| What to work on |
Go through the lines below and copy any that hold the string "cross".

| Data for review |
-------
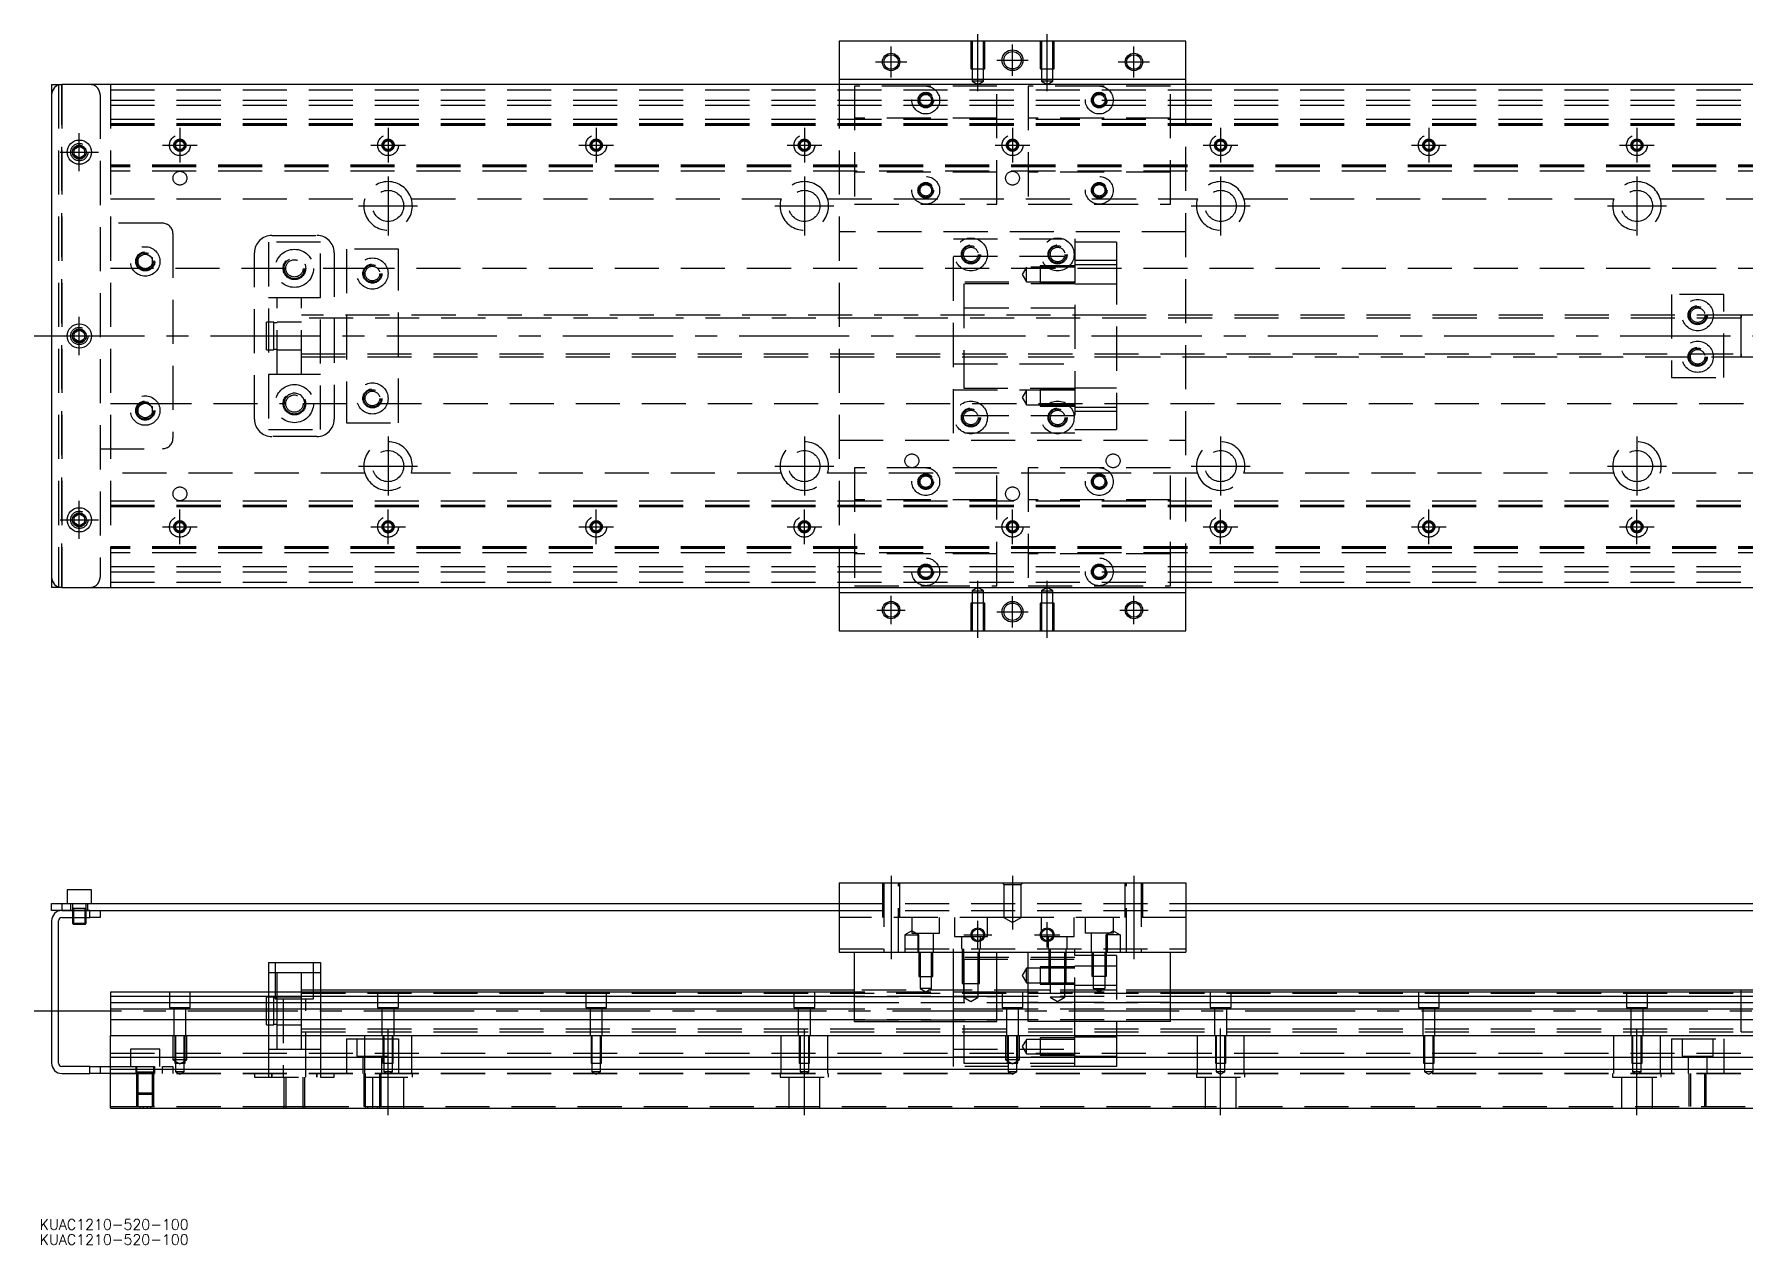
# Model space of a CAD drawing. Extents: x -5 to 736, y -262 to 87.
# Drawn here: x -5 to 488.1, y -262 to 87 of the extents above; entities that cross this region are included whole.
import ezdxf

# ---------------------------------------------------------------- set-up
doc = ezdxf.new("R2010")
doc.units = 0
doc.linetypes.add('CENTER', pattern=[50.8, 31.75, -6.35, 6.35, -6.35])
doc.linetypes.add('DASHED', pattern=[19.05, 12.7, -6.35])
doc.layers.get('0').update_dxf_attribs({"linetype": 'CONTINUOUS'})
doc.layers.add('CENTER', color=1, linetype='CENTER')
doc.styles.get("Standard").update_dxf_attribs({"font": 'txt.shx', "height": 3, "bigfont": 'bigfont.shx'})

# ---------------------------------------------------------------- blocks, each defined once
blk = doc.blocks.new('*U2')
at = {"color": 7, "linetype": 'CONTINUOUS'}
blk.add_text('KUAC1210-520-100', height=3, dxfattribs=at).set_placement((-3.44, -262))
blk = doc.blocks.new('*U3')
at = {"color": 7, "linetype": 'CONTINUOUS'}
blk.add_text('KUAC1210-520-100', height=3, dxfattribs=at).set_placement((-3.44, -257.64))

msp = doc.modelspace()

# ---------------------------------------------------------------- linework, layer by layer
at = {"color": 7, "linetype": 'CONTINUOUS'}
for p, q in [((327, 85), (227, 85)), ((227, 85), (227, 74)), ((327, 74), (327, 85)), ((227, 74), (327, 74)), ((227, 74), (227, 72.5)), ((327, 72.5), (327, 74)), ((0, 72.5), (0, -72.5)), ((0, 72.5), (3, 72.5)), ((551, 72.5), (3, 72.5)), ((6.5, 53.866026), (8, 54.73205)), ((8, 54.73205), (9.5, 53.866026)), ((6.5, 52.133974), (6.5, 53.866026)), ((8, 51.26795), (6.5, 52.133974)), ((9.5, 52.133974), (8, 51.26795)), ((9.5, 53.866026), (9.5, 52.133974)), ((487, -6.000006), (487, 6.000006)), ((6.5, 0.866026), (8, 1.73205)), ((6.5, -0.866026), (6.5, 0.866026)), ((8, 1.73205), (9.5, 0.866026)), ((9.5, 0.866026), (9.5, -0.866026)), ((8, -1.73205), (6.5, -0.866026)), ((9.5, -0.866026), (8, -1.73205)), ((6.5, -52.133974), (8, -51.26795)), ((6.5, -53.866026), (6.5, -52.133974)), ((8, -54.73205), (6.5, -53.866026)), ((8, -51.26795), (9.5, -52.133974)), ((9.5, -53.866026), (8, -54.73205)), ((9.5, -52.133974), (9.5, -53.866026)), ((3, -72.5), (0, -72.5)), ((3, -72.5), (551, -72.5)), ((227, -72.5), (227, -85)), ((327, -85), (327, -72.5)), ((327, -74), (227, -74)), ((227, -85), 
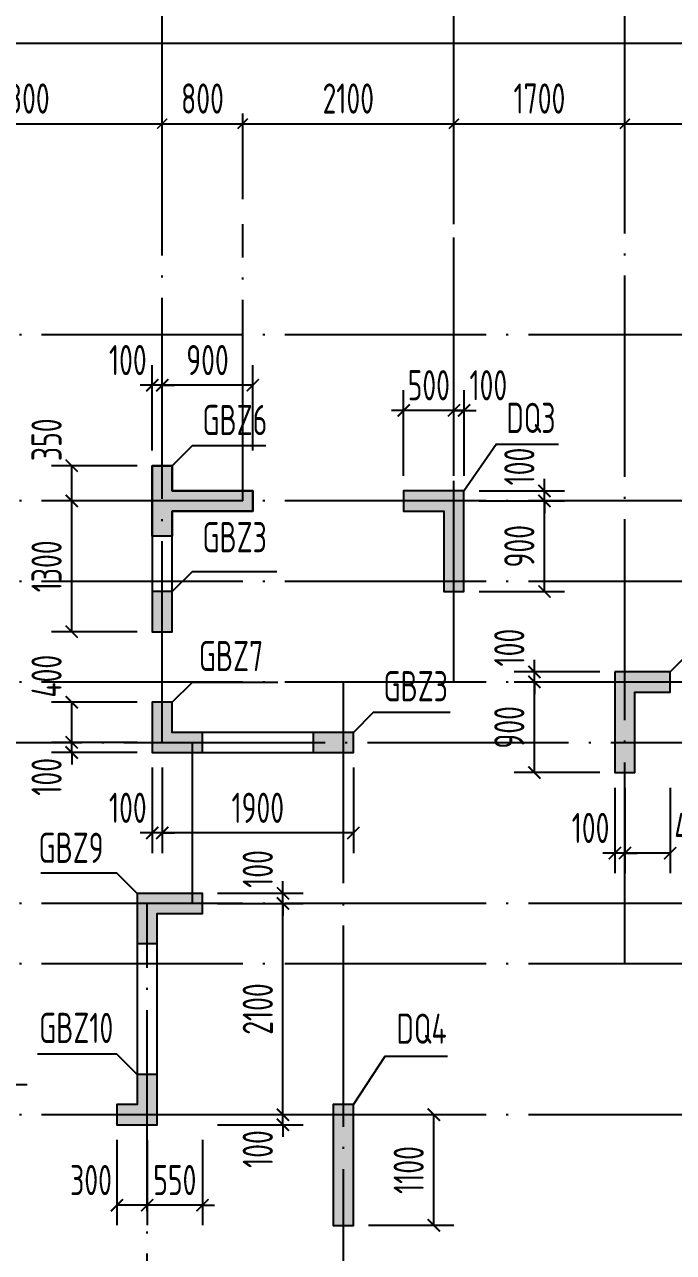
# Model space of a CAD drawing. Extents: x -461650 to 361314, y 245336 to 769729.
# Drawn here: x -112905 to -106454, y 506213 to 518417 of the extents above; entities that cross this region are included whole.
import ezdxf
from ezdxf.enums import TextEntityAlignment as Align

# ---------------------------------------------------------------- set-up
doc = ezdxf.new("R2010")
doc.units = 0
doc.header["$LTSCALE"] = 1000
doc.linetypes.add('DOTE', pattern=[2.42, 2, -0.2, 0.02, -0.2])
doc.layers.get('0').update_dxf_attribs({"linetype": 'CONTINUOUS'})
doc.layers.get('DEFPOINTS').update_dxf_attribs({"linetype": 'CONTINUOUS'})
for name, color, linetype in [('A-AXIS', 1, 'CONTINUOUS'), ('A-DOTE', 10, 'DOTE'), ('S-Q墙实线', 6, 'CONTINUOUS'), ('S-Q墙标注', 3, 'CONTINUOUS'), ('S-X详图填充', 252, 'CONTINUOUS'), ('S-X详图实线', 4, 'CONTINUOUS'), ('S-Y一般标注', 3, 'CONTINUOUS'), ('S-Z柱编号', 6, 'CONTINUOUS')]:
    doc.layers.add(name, color=color, linetype=linetype)
doc.styles.add('TSSD_DIMENSION', font='Tssdeng.shx', dxfattribs={"width": 0.7, "bigfont": 'tssdchn.shx'})
doc.styles.add('TSSD_REIN', font='tssdeng.shx', dxfattribs={"width": 0.7, "height": 300, "bigfont": 'tssdchn.shx'})
doc.styles.add('结构文字', font='zstxt.shx', dxfattribs={"width": 0.7, "bigfont": 'zshz.shx'})
doc.dimstyles.new('STRUCK', dxfattribs={"dimtxt": 400, "dimasz": 121, "dimexe": 200, "dimexo": 150, "dimgap": 115, "dimtad": 1, "dimdec": 0, "dimdsep": 46, "dimtxsty": '结构文字', "dimblk": 'ARCHTICK', "dimcen": 400, "dimclrd": 3, "dimclre": 3, "dimclrt": 7, "dimadec": 0, "dimazin": 0, "dimtfac": 1, "dimtdec": 0, "dimtix": 1, "dimtmove": 2, "dimatfit": 3, "dimldrblk": '_DIMX', "dimfxl": 0, "dimtolj": 1, "dimtzin": 0, "dimarcsym": 0})
doc.dimstyles.new('TSSD_100_100', dxfattribs={"dimtxt": 300, "dimasz": 100, "dimexe": 100, "dimexo": 250, "dimgap": 100, "dimtad": 1, "dimdec": 0, "dimzin": 0, "dimdsep": 46, "dimtxsty": 'TSSD_DIMENSION', "dimblk": 'ARCHTICK', "dimcen": 0, "dimdle": 100, "dimclrt": 7, "dimadec": 0, "dimazin": 0, "dimtfac": 1, "dimtdec": 0, "dimtix": 1, "dimtmove": 2, "dimatfit": 3, "dimldrblk": 'ARCHTICK', "dimfxl": 0, "dimtolj": 1, "dimtzin": 0, "dimarcsym": 0})

# ---------------------------------------------------------------- blocks, each defined once
blk = doc.blocks.new('_ArchTick')
at = {"color": 0, "linetype": 'ByBlock', "const_width": 0.15}
blk.add_lwpolyline([(-0.5, -0.5), (0.5, 0.5)], dxfattribs=at)
blk = doc.blocks.new('*D294')
at = {"layer": 'DEFPOINTS', "color": 0}
for p in [(18500, 19250), (15700, 18250), (18500, 18250)]:
    blk.add_point(p, dxfattribs=at)
at = {"layer": 'S-Y一般标注', "color": 0, "lineweight": -2}
for p, q in [((15700, 18500), (15700, 19350)), ((18500, 18500), (18500, 19350)), ((15600, 19250), (18600, 19250))]:
    blk.add_line(p, q, dxfattribs=at)
at = {"layer": 'S-Y一般标注', "color": 0, "lineweight": -2, "xscale": 100, "yscale": 100, "zscale": 100, "rotation": 180}
blk.add_blockref('_ArchTick', (15700, 19250), dxfattribs=at)
at = {"layer": 'S-Y一般标注', "color": 0, "lineweight": -2, "xscale": 100, "yscale": 100, "zscale": 100}
blk.add_blockref('_ArchTick', (18500, 19250), dxfattribs=at)
at = {"layer": 'S-Y一般标注', "color": 7, "insert": (17100, 19500), "char_height": 300, "attachment_point": 5, "style": 'TSSD_DIMENSION'}
blk.add_mtext('\\A1;2800', dxfattribs=at)
blk = doc.blocks.new('*D295')
at = {"layer": 'DEFPOINTS', "color": 0}
for p in [(19300, 19250), (18500, 18250), (19300, 18250)]:
    blk.add_point(p, dxfattribs=at)
at = {"layer": 'S-Y一般标注', "color": 0, "lineweight": -2}
for p, q in [((18500, 18500), (18500, 19350)), ((19300, 18500), (19300, 19350)), ((18400, 19250), (19400, 19250))]:
    blk.add_line(p, q, dxfattribs=at)
at = {"layer": 'S-Y一般标注', "color": 0, "lineweight": -2, "xscale": 100, "yscale": 100, "zscale": 100, "rotation": 180}
blk.add_blockref('_ArchTick', (18500, 19250), dxfattribs=at)
at = {"layer": 'S-Y一般标注', "color": 0, "lineweight": -2, "xscale": 100, "yscale": 100, "zscale": 100}
blk.add_blockref('_ArchTick', (19300, 19250), dxfattribs=at)
at = {"layer": 'S-Y一般标注', "color": 7, "insert": (18900, 19500), "char_height": 300, "attachment_point": 5, "style": 'TSSD_DIMENSION'}
blk.add_mtext('\\A1;800', dxfattribs=at)
blk = doc.blocks.new('*D296')
at = {"layer": 'DEFPOINTS', "color": 0}
for p in [(23100, 19250), (21400, 18250), (23100, 18250)]:
    blk.add_point(p, dxfattribs=at)
at = {"layer": 'S-Y一般标注', "color": 0, "lineweight": -2}
for p, q in [((21400, 18500), (21400, 19350)), ((23100, 18500), (23100, 19350)), ((21300, 19250), (23200, 19250))]:
    blk.add_line(p, q, dxfattribs=at)
at = {"layer": 'S-Y一般标注', "color": 0, "lineweight": -2, "xscale": 100, "yscale": 100, "zscale": 100, "rotation": 180}
blk.add_blockref('_ArchTick', (21400, 19250), dxfattribs=at)
at = {"layer": 'S-Y一般标注', "color": 0, "lineweight": -2, "xscale": 100, "yscale": 100, "zscale": 100}
blk.add_blockref('_ArchTick', (23100, 19250), dxfattribs=at)
at = {"layer": 'S-Y一般标注', "color": 7, "insert": (22250, 19500), "char_height": 300, "attachment_point": 5, "style": 'TSSD_DIMENSION'}
blk.add_mtext('\\A1;1700', dxfattribs=at)
blk = doc.blocks.new('*D297')
at = {"layer": 'DEFPOINTS', "color": 0}
for p in [(24900, 19250), (23100, 18250), (24900, 18250)]:
    blk.add_point(p, dxfattribs=at)
at = {"layer": 'S-Y一般标注', "color": 0, "lineweight": -2}
for p, q in [((23100, 18500), (23100, 19350)), ((24900, 18500), (24900, 19350)), ((23000, 19250), (25000, 19250))]:
    blk.add_line(p, q, dxfattribs=at)
at = {"layer": 'S-Y一般标注', "color": 0, "lineweight": -2, "xscale": 100, "yscale": 100, "zscale": 100, "rotation": 180}
blk.add_blockref('_ArchTick', (23100, 19250), dxfattribs=at)
at = {"layer": 'S-Y一般标注', "color": 0, "lineweight": -2, "xscale": 100, "yscale": 100, "zscale": 100}
blk.add_blockref('_ArchTick', (24900, 19250), dxfattribs=at)
at = {"layer": 'S-Y一般标注', "color": 7, "insert": (24000, 19500), "char_height": 300, "attachment_point": 5, "style": 'TSSD_DIMENSION'}
blk.add_mtext('\\A1;1800', dxfattribs=at)
blk = doc.blocks.new('*D311')
at = {"layer": 'DEFPOINTS', "color": 0}
for p in [(54600, 20050), (4600, 18250), (54600, 18250)]:
    blk.add_point(p, dxfattribs=at)
at = {"layer": 'S-Y一般标注', "color": 0, "lineweight": -2}
for p, q in [((4600, 18500), (4600, 20150)), ((54600, 18500), (54600, 20150)), ((4500, 20050), (54700, 20050))]:
    blk.add_line(p, q, dxfattribs=at)
at = {"layer": 'S-Y一般标注', "color": 0, "lineweight": -2, "xscale": 100, "yscale": 100, "zscale": 100, "rotation": 180}
blk.add_blockref('_ArchTick', (4600, 20050), dxfattribs=at)
at = {"layer": 'S-Y一般标注', "color": 0, "lineweight": -2, "xscale": 100, "yscale": 100, "zscale": 100}
blk.add_blockref('_ArchTick', (54600, 20050), dxfattribs=at)
at = {"layer": 'S-Y一般标注', "color": 7, "insert": (29600, 20300), "char_height": 300, "attachment_point": 5, "style": 'TSSD_DIMENSION'}
blk.add_mtext('\\A1;50000', dxfattribs=at)
blk = doc.blocks.new('*D323')
at = {"layer": 'DEFPOINTS', "color": 0}
for p in [(21400, 19250), (19300, 18250), (21400, 18250)]:
    blk.add_point(p, dxfattribs=at)
at = {"layer": 'S-Y一般标注', "color": 0, "lineweight": -2}
for p, q in [((19300, 18500), (19300, 19350)), ((21400, 18500), (21400, 19350)), ((19200, 19250), (21500, 19250))]:
    blk.add_line(p, q, dxfattribs=at)
at = {"layer": 'S-Y一般标注', "color": 0, "lineweight": -2, "xscale": 100, "yscale": 100, "zscale": 100, "rotation": 180}
blk.add_blockref('_ArchTick', (19300, 19250), dxfattribs=at)
at = {"layer": 'S-Y一般标注', "color": 0, "lineweight": -2, "xscale": 100, "yscale": 100, "zscale": 100}
blk.add_blockref('_ArchTick', (21400, 19250), dxfattribs=at)
at = {"layer": 'S-Y一般标注', "color": 7, "insert": (20350, 19500), "char_height": 300, "attachment_point": 5, "style": 'TSSD_DIMENSION'}
blk.add_mtext('\\A1;2100', dxfattribs=at)
blk = doc.blocks.new('*D2584')
at = {"layer": 'DEFPOINTS', "color": 0}
for p in [(-109636, 507582), (-108836, 507582), (-109636, 506482)]:
    blk.add_point(p, dxfattribs=at)
at = {"layer": 'S-Q墙标注', "color": 3, "lineweight": -2}
for p, q in [((-109486, 507582), (-108636, 507582)), ((-108836, 506482), (-108836, 507582)), ((-109486, 506482), (-108636, 506482))]:
    blk.add_line(p, q, dxfattribs=at)
at = {"layer": 'S-Q墙标注', "color": 3, "lineweight": -2, "xscale": 121, "yscale": 121, "zscale": 121}
for p, rotation in [((-108836, 507582), 90), ((-108836, 506482), 270)]:
    blk.add_blockref('_ArchTick', p, dxfattribs=dict(at, rotation=rotation))
at = {"layer": 'S-Q墙标注', "color": 7, "insert": (-109086, 507032), "char_height": 300, "attachment_point": 5, "rotation": 90, "style": 'TSSD_REIN'}
blk.add_mtext('\\A1;1100', dxfattribs=at)
blk = doc.blocks.new('_DIMX')
blk.add_line((-150, 0), (150, 0))
at = {"const_width": 50}
blk.add_lwpolyline([(-70, -70), (70, 70)], dxfattribs=at)
blk = doc.blocks.new('*D2593')
at = {"layer": 'DEFPOINTS', "color": 0}
for p in [(-107836, 511882), (-107036, 511882), (-107036, 510982)]:
    blk.add_point(p, dxfattribs=at)
at = {"layer": 'S-Q墙标注', "color": 3, "lineweight": -2}
for p, q in [((-107186, 511882), (-108036, 511882)), ((-107836, 510982), (-107836, 511882)), ((-107186, 510982), (-108036, 510982))]:
    blk.add_line(p, q, dxfattribs=at)
at = {"layer": 'S-Q墙标注', "color": 3, "lineweight": -2, "xscale": 121, "yscale": 121, "zscale": 121}
for p, rotation in [((-107836, 511882), 90), ((-107836, 510982), 270)]:
    blk.add_blockref('_ArchTick', p, dxfattribs=dict(at, rotation=rotation))
at = {"layer": 'S-Q墙标注', "color": 7, "insert": (-108086, 511432), "char_height": 300, "attachment_point": 5, "rotation": 90, "style": 'TSSD_REIN'}
blk.add_mtext('\\A1;900', dxfattribs=at)
blk = doc.blocks.new('*D2594')
at = {"layer": 'DEFPOINTS', "color": 0}
for p in [(-107836, 511982), (-107036, 511982), (-107036, 511882)]:
    blk.add_point(p, dxfattribs=at)
at = {"layer": 'S-Q墙标注', "color": 3, "lineweight": -2}
for p, q in [((-107836, 511982), (-107836, 512103)), ((-107186, 511982), (-108036, 511982)), ((-107836, 511882), (-107836, 511982)), ((-107186, 511882), (-108036, 511882)), ((-107836, 511882), (-107836, 511761))]:
    blk.add_line(p, q, dxfattribs=at)
at = {"layer": 'S-Q墙标注', "color": 3, "lineweight": -2, "xscale": 121, "yscale": 121, "zscale": 121}
for p, rotation in [((-107836, 511982), 270), ((-107836, 511882), 90)]:
    blk.add_blockref('_ArchTick', p, dxfattribs=dict(at, rotation=rotation))
at = {"layer": 'S-Q墙标注', "color": 7, "insert": (-108086, 512224), "char_height": 300, "attachment_point": 5, "rotation": 90, "style": 'TSSD_REIN'}
blk.add_mtext('\\A1;100', dxfattribs=at)
blk = doc.blocks.new('*D2595')
at = {"layer": 'DEFPOINTS', "color": 0}
for p in [(-106936, 510982), (-106486, 510982), (-106936, 510182)]:
    blk.add_point(p, dxfattribs=at)
at = {"layer": 'S-Q墙标注', "color": 3, "lineweight": -2}
for p, q in [((-106936, 510832), (-106936, 509982)), ((-106486, 510832), (-106486, 509982)), ((-106486, 510182), (-106936, 510182))]:
    blk.add_line(p, q, dxfattribs=at)
at = {"layer": 'S-Q墙标注', "color": 3, "lineweight": -2, "xscale": 121, "yscale": 121, "zscale": 121, "rotation": 180}
blk.add_blockref('_ArchTick', (-106936, 510182), dxfattribs=at)
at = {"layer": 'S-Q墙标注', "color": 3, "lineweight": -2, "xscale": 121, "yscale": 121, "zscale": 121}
-------
| Result of this task |
# Drawn here: x -5 to 488.1, y -262 to 87 of the extents above; entities that cross this region are included whole.
# Drawn here: x -112905 to -106454, y 506213 to 518417 of the extents above; entities that cross this region are included whole.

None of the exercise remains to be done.